# English Musical Renaissance & the Empire



## silmarillion (Oct 24, 2007)

I've been skimming discussions here for quite a while and left a couple of short notes some time ago, but never had anything really interesting to contribute I'm afraid to the great discussions here. Let me try again with a new topic. 

The western encounter with other cultures is a well researched and documented topic in many Italian and French music/opera's, but in English music not so much it seems. Which is odd considering the fact that Britain's empire covered a quarter of the globe around the fin-de-sciecle. The topic of the English Musical Renaissance (from ca. 1840 onward) and especially the potential influence of the Empire on it's composers and it's development really interests me and also, if you like, exoticism/orientalism in English music in general in this period. 

Elgar's Pomp and Circumstance Marches (Land of Hope and Glory) is of course about as bluntly nationalistic as you can get, but also Indian influences on Holst's music (Savitri) can be seen as associated with an influence by the Empire. BUt I've been reading some essays on Granville Bantock and others, most associated with Elgar, that suggest the Empire had a much greater influence on British music than the general association of the Renaissance with (the 'pastoral' style of) Vaughan Williams after WWI suggests.

I find these topics of nationalism in British music and also external influences on European music culture in general extremely interesting. And I wondered if any of the members here have some thoughts about these topics? 

Full disclosure: I'm preparing a paper for my BA in History on this topic at the moment. this is in no way intended as a request to you, to do my homework for me, i can handle that, but I'm really interested in your perspectives on this topic.

Cheers,

Sander


----------



## Elgarian (Jul 30, 2008)

You may have found your way to it already, but if not then run - don't walk - towards the nearest copy of Jeffrey Richards's book _Music and Imperialism_ (see here for example.) The chapter on 'Elgar's Empire' is particularly brilliant.


----------



## silmarillion (Oct 24, 2007)

Thanks for the tip Elgarian, I had seen it before and I'm trying to get that right now via interlibrary lending so it might a week or so before I can read the essays. Elgar will feature prominently in my essay, because he was such a singular figure in the Renaissance (an outsider, yet extremely succesfull) and because he engaged with the Empire in many of his works, not just the patriotic marches. Gustav Holst and maybe Sullivan (Mikado) will get a spotlight as well, though they each used the Empire, and the people it encountered/conquered is such different ways. 

Though I'm reading a lot about him I must confess that until now I haven't listened to much Elgar yet. Just the P&C marches and the cello concerto really. Any tips on where to start?


----------



## Elgarian (Jul 30, 2008)

silmarillion said:


> Gustav Holst and maybe Sullivan (Mikado) will get a spotlight as well, though they each used the Empire, and the people it encountered/conquered is such different ways.

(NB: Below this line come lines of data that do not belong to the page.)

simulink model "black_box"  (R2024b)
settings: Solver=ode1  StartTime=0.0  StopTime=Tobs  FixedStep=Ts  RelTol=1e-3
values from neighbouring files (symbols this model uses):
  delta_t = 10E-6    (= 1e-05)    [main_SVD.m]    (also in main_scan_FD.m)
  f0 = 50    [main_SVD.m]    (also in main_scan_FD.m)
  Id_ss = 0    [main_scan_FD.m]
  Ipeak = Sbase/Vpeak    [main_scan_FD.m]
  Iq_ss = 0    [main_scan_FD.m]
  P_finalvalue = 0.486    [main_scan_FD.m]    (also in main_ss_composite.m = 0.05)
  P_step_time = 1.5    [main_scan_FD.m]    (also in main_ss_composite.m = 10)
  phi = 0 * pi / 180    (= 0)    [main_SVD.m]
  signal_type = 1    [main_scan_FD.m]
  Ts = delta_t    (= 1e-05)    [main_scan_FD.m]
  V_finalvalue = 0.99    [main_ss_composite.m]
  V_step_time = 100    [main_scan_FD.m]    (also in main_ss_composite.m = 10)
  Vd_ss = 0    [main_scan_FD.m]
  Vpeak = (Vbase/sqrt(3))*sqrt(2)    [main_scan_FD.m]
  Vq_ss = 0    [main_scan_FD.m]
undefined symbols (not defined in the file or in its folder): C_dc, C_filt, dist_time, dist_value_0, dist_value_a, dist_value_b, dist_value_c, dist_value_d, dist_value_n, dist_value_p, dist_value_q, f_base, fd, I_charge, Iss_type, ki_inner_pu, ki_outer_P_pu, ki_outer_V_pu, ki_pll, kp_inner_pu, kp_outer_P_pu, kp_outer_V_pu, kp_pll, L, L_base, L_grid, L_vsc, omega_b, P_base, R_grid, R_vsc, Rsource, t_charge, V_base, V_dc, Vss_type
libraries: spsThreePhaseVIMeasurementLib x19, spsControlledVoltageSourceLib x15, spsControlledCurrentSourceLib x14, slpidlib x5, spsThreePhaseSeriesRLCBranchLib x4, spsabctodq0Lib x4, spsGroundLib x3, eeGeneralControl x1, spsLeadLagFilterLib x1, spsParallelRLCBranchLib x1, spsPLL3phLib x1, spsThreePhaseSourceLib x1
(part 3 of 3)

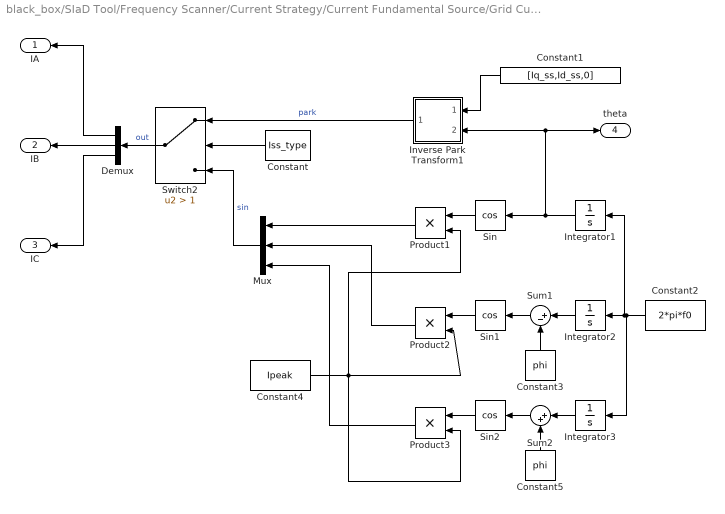
== system black_box/SIaD Tool/Frequency Scanner/Current Strategy/Current Fundamental Source/Grid Currents1 ==
  Constant : Constant  Value=Iss_type
  Constant1 : Constant  Value=[Iq_ss,Id_ss,0]  SampleTime=delta_t
  Constant2 : Constant  Value=2*pi*f0
  Constant3 : Constant  Value=phi
  Constant4 : Constant  Value=Ipeak
  Constant5 : Constant  Value=phi
  Demux : Demux  Outputs=3
  Integrator1 : Integrator  UpperSaturationLimit=1E100  LowerSaturationLimit=-1E100
  Integrator2 : Integrator  UpperSaturationLimit=1E100  LowerSaturationLimit=-1E100
  Integrator3 : Integrator  UpperSaturationLimit=1E100  LowerSaturationLimit=-1E100
  Inverse Park Transform1 : Subsystem
  Mux : Mux  Inputs=3
  Product1 : Product
  Product2 : Product
  Product3 : Product
  Sin : Trigonometry  Operator=cos
  Sin1 : Trigonometry  Operator=cos
  Sin2 : Trigonometry  Operator=cos
  Sum1 : Sum  Inputs=|+-
  Sum2 : Sum  Inputs=|++
  Switch2 : Switch  Criteria=u2 > Threshold  Threshold=1  SaturateOnIntegerOverflow=off  InputSameDT=off
  IA : Outport
  IB : Outport  Port=2
  IC : Outport  Port=3
  theta : Outport  Port=4
  wires:
  Constant1/1 -> Inverse Park Transform1/1(qd0)
  Demux/1 -> IA/1
  Demux/2 -> IB/1
  Demux/3 -> IC/1
  Product3/1 -> Mux/3
  Product1/1 -> Mux/1
  Sum1/1 -> Sin1/1
  Integrator2/1 -> Sum1/1
  Constant5/1 -> Sum2/2
  Integrator3/1 -> Sum2/1
  Sin/1 -> Product1/1
  Sin2/1 -> Product3/1
  Sin1/1 -> Product2/1
  Sum2/1 -> Sin2/1
  Constant2/1 -> Integrator1/1, Integrator2/1, Integrator3/1
  Integrator1/1 -> theta/1, Inverse Park Transform1/2(theta), Sin/1
  Constant4/1 -> Product2/2, Product1/2, Product3/2
  Product2/1 -> Mux/2
  Constant3/1 -> Sum1/2
  Switch2/1 -> Demux/1  "out"
  Inverse Park Transform1/1(ABC) -> Switch2/1  "park"
  Mux/1 -> Switch2/3  "sin"
  Constant/1 -> Switch2/2

== system black_box/SIaD Tool/Frequency Scanner/Current Strategy/pn0disturbance2/Multi-tone ==
  Clock : Clock
  Constant1 : Constant  Value=0
  From Workspace : FromWorkspace  VariableName=dist_value_0  SampleTime=delta_t  Interpolate=off  OutputAfterFinalValue=Holding final value
  From Workspace1 : FromWorkspace  VariableName=dist_value_p  SampleTime=delta_t  Interpolate=off  OutputAfterFinalValue=Holding final value
  From Workspace2 : FromWorkspace  VariableName=dist_value_n  SampleTime=delta_t  Interpolate=off  OutputAfterFinalValue=Holding final value
  Inverse Fortescue Transformation : Subsystem
  Mux : Mux  Inputs=3
  Switch1 : Switch  Criteria=u2 > Threshold  Threshold=dist_time  SaturateOnIntegerOverflow=off  InputSameDT=off
  Switch2 : Switch  Criteria=u2 > Threshold  Threshold=dist_time  SaturateOnIntegerOverflow=off  InputSameDT=off
  Switch3 : Switch  Criteria=u2 > Threshold  Threshold=dist_time  SaturateOnIntegerOverflow=off  InputSameDT=off
  ABC : Outport
  wires:
  Switch2/1 -> Mux/2
  From Workspace2/1 -> Switch3/1
  Constant1/1 -> Switch3/3, Switch2/3, Switch1/3
  From Workspace1/1 -> Switch2/1
  Switch3/1 -> Mux/3
  Clock/1 -> Switch1/2, Switch2/2, Switch3/2
  Switch1/1 -> Mux/1
  From Workspace/1 -> Switch1/1
  Mux/1 -> Inverse Fortescue Transformation/1(0PN)
  Inverse Fortescue Transformation/1(ABC) -> ABC/1

== system black_box/SIaD Tool/Frequency Scanner/Current Strategy/pn0disturbance2/Single-tone ==
  Constant1 : Constant  Value=2*pi*fd  SampleTime=delta_t
  Constant1111 : Constant  Value=0
  Constant222 : Constant  Value=dist_value_p
  Constant49 : Constant  Value=dist_value_0
  Constant50 : Constant  Value=dist_value_n
  Disturbance activator : Step  Time=dist_time  SampleTime=delta_t
  Integrator3 : Integrator
  Inverse Fortescue Transformation : Subsystem
  Math Function3 : Math
  Math Function4 : Math
  Math Function5 : Math
  Multiply2 : Gain
  Multiply3 : Gain
  Multiply4 : Gain
  Mux1 : Mux  Inputs=3
  Product{,4..5,8} (4 alike) : Product
  Real-Imag to Complex2 : RealImagToComplex
  Real-Imag to Complex3 : RealImagToComplex
  Real-Imag to Complex4 : RealImagToComplex
  ABC : Outport
  wires:
  Real-Imag to Complex3/1 -> Multiply2/1
  Math Function3/1 -> Product5/2
  Real-Imag to Complex2/1 -> Multiply3/1
  Inverse Fortescue Transformation/1(ABC) -> Product/2
  Disturbance activator/1 -> Product/1
  Product8/1 -> Mux1/2
  Integrator3/1 -> Real-Imag to Complex2/2, Real-Imag to Complex3/2, Real-Imag to Complex4/2
  Product/1 -> ABC/1
  Multiply2/1 -> Math Function4/1
  Real-Imag to Complex4/1 -> Multiply4/1
  Constant222/1 -> Product8/2
  Math Function5/1 -> Product4/2
  Constant49/1 -> Product4/1
  Mux1/1 -> Inverse Fortescue Transformation/1(0PN)
  Multiply3/1 -> Math Function3/1
  Multiply4/1 -> Math Function5/1
  Constant1/1 -> Integrator3/1
  Product4/1 -> Mux1/1
  Math Function4/1 -> Product8/1
  Constant1111/1 -> Real-Imag to Complex4/1, Real-Imag to Complex3/1, Real-Imag to Complex2/1
  Product5/1 -> Mux1/3
  Constant50/1 -> Product5/1

== system black_box/SIaD Tool/Frequency Scanner/Current Strategy/qd0disturbance2/Multi-tone ==
  In1 : Inport
  Clock1 : Clock
  Constant : Constant  Value=0
  From Workspace3 : FromWorkspace  VariableName=dist_value_q  SampleTime=delta_t  Interpolate=off  OutputAfterFinalValue=Holding final value
  From Workspace4 : FromWorkspace  VariableName=dist_value_d  SampleTime=delta_t  Interpolate=off  OutputAfterFinalValue=Holding final value
  Inverse Park Transform1 : Subsystem
  Mux3 : Mux  Inputs=3
  Switch : Switch  Criteria=u2 > Threshold  Threshold=dist_time  SaturateOnIntegerOverflow=off  InputSameDT=off
  Switch4 : Switch  Criteria=u2 > Threshold  Threshold=dist_time  SaturateOnIntegerOverflow=off  InputSameDT=off
  Vd : Constant  Value=0
  ABC : Outport
  wires:
  Inverse Park Transform1/1(ABC) -> ABC/1
  From Workspace3/1 -> Switch/1
  Clock1/1 -> Switch/2, Switch4/2
  Switch4/1 -> Mux3/2  "vd"
  Constant/1 -> Switch4/3, Switch/3
  Mux3/1 -> Inverse Park Transform1/1(qd0)
  Vd/1 -> Mux3/3
  From Workspace4/1 -> Switch4/1
  Switch/1 -> Mux3/1  "vq"
  In1/1 -> Inverse Park Transform1/2(theta)

== system black_box/SIaD Tool/Frequency Scanner/Current Strategy/qd0disturbance2/Single-tone ==
  note: qd disturbance
  In1 : Inport
  Constant18 : Constant  Value=dist_value_d
  Constant19 : Constant  Value=2*pi*fd
  Constant21 : Constant  Value=dist_value_q
  Cos : Trigonometry  Operator=cos
  Cos1 : Trigonometry  Operator=cos
  Disturbance activator : Step  Time=dist_time  Before=0.0  After=1.0  SampleTime=delta_t
  Integrator : Integrator
  Inverse Park Transform : Subsystem
  Mux23 : Mux  Inputs=3
  Product : Product
  Product4 : Product
  Product5 : Product
  V0 : Constant  Value=0
  ABC : Outport
  wires:
  Product/1 -> ABC/1
  Cos1/1 -> Product5/1
  Product4/1 -> Mux23/1
  Constant21/1 -> Product4/1
  Product5/1 -> Mux23/2
  Integrator/1 -> Cos/1, Cos1/1
  Cos/1 -> Product4/2
  Disturbance activator/1 -> Product/1
  Inverse Park Transform/1(ABC) -> Product/2
  Mux23/1 -> Inverse Park Transform/1(qd0)
  In1/1 -> Inverse Park Transform/2(theta)
  Constant18/1 -> Product5/2
  Constant19/1 -> Integrator/1
  V0/1 -> Mux23/3

== system black_box/SIaD Tool/Frequency Scanner/Voltage Strategy/ABCdisturbance/Multi-tone ==
  Clock : Clock
  Constant1 : Constant  Value=0
  From Workspace : FromWorkspace  VariableName=dist_value_a  SampleTime=delta_t  Interpolate=off  OutputAfterFinalValue=Holding final value
  From Workspace1 : FromWorkspace  VariableName=dist_value_b  SampleTime=delta_t  Interpolate=off  OutputAfterFinalValue=Holding final value
  From Workspace2 : FromWorkspace  VariableName=dist_value_c  SampleTime=delta_t  Interpolate=off  OutputAfterFinalValue=Holding final value
  Mux : Mux  Inputs=3
  Switch1 : Switch  Criteria=u2 > Threshold  Threshold=dist_time  SaturateOnIntegerOverflow=off  InputSameDT=off
  Switch2 : Switch  Criteria=u2 > Threshold  Threshold=dist_time  SaturateOnIntegerOverflow=off  InputSameDT=off
  Switch3 : Switch  Criteria=u2 > Threshold  Threshold=dist_time  SaturateOnIntegerOverflow=off  InputSameDT=off
  ABC : Outport
  wires:
  Switch2/1 -> Mux/2
  From Workspace2/1 -> Switch3/1
  Constant1/1 -> Switch3/3, Switch2/3, Switch1/3
  From Workspace1/1 -> Switch2/1
  Switch3/1 -> Mux/3
  Clock/1 -> Switch1/2, Switch2/2, Switch3/2
  Switch1/1 -> Mux/1
  From Workspace/1 -> Switch1/1
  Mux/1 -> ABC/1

You'll find a chapter on 'Sullivan's Empire' as well as 'Elgar's Empire' in the book. I think the book will prove enormously helpful to you.



> Though I'm reading a lot about him I must confess that until now I haven't listened to much Elgar yet. Just the P&C marches and the cello concerto really. Any tips on where to start?


There's one key work, grossly neglected today, which also happens to be one of his very finest pieces of music. It's called _The Spirit of England_, and is based on three poems by Laurence Binyon:










This particular recording is absolutely superb - the finest of the three available - and you can buy it at a pitifully small price on Amazon here.

In the space of half an hour, this piece of music will tell you more about Elgar's attitude to his country, the Empire, the tragedy of the first world war, and his concept of the chivalric ideal, than any other single work, I'd say. And on this CD you also get the _Coronation Ode_, which includes the tune from _Pomp and Circumstance_ transformed into 'Land of Hope and Glory'. Not his greatest work by any means, but very apposite for you. ('Land of Hope and Glory' was written for the contralto Clara Butt - another key 'Empire' figure. You can hear her 1911 recording of the song here.)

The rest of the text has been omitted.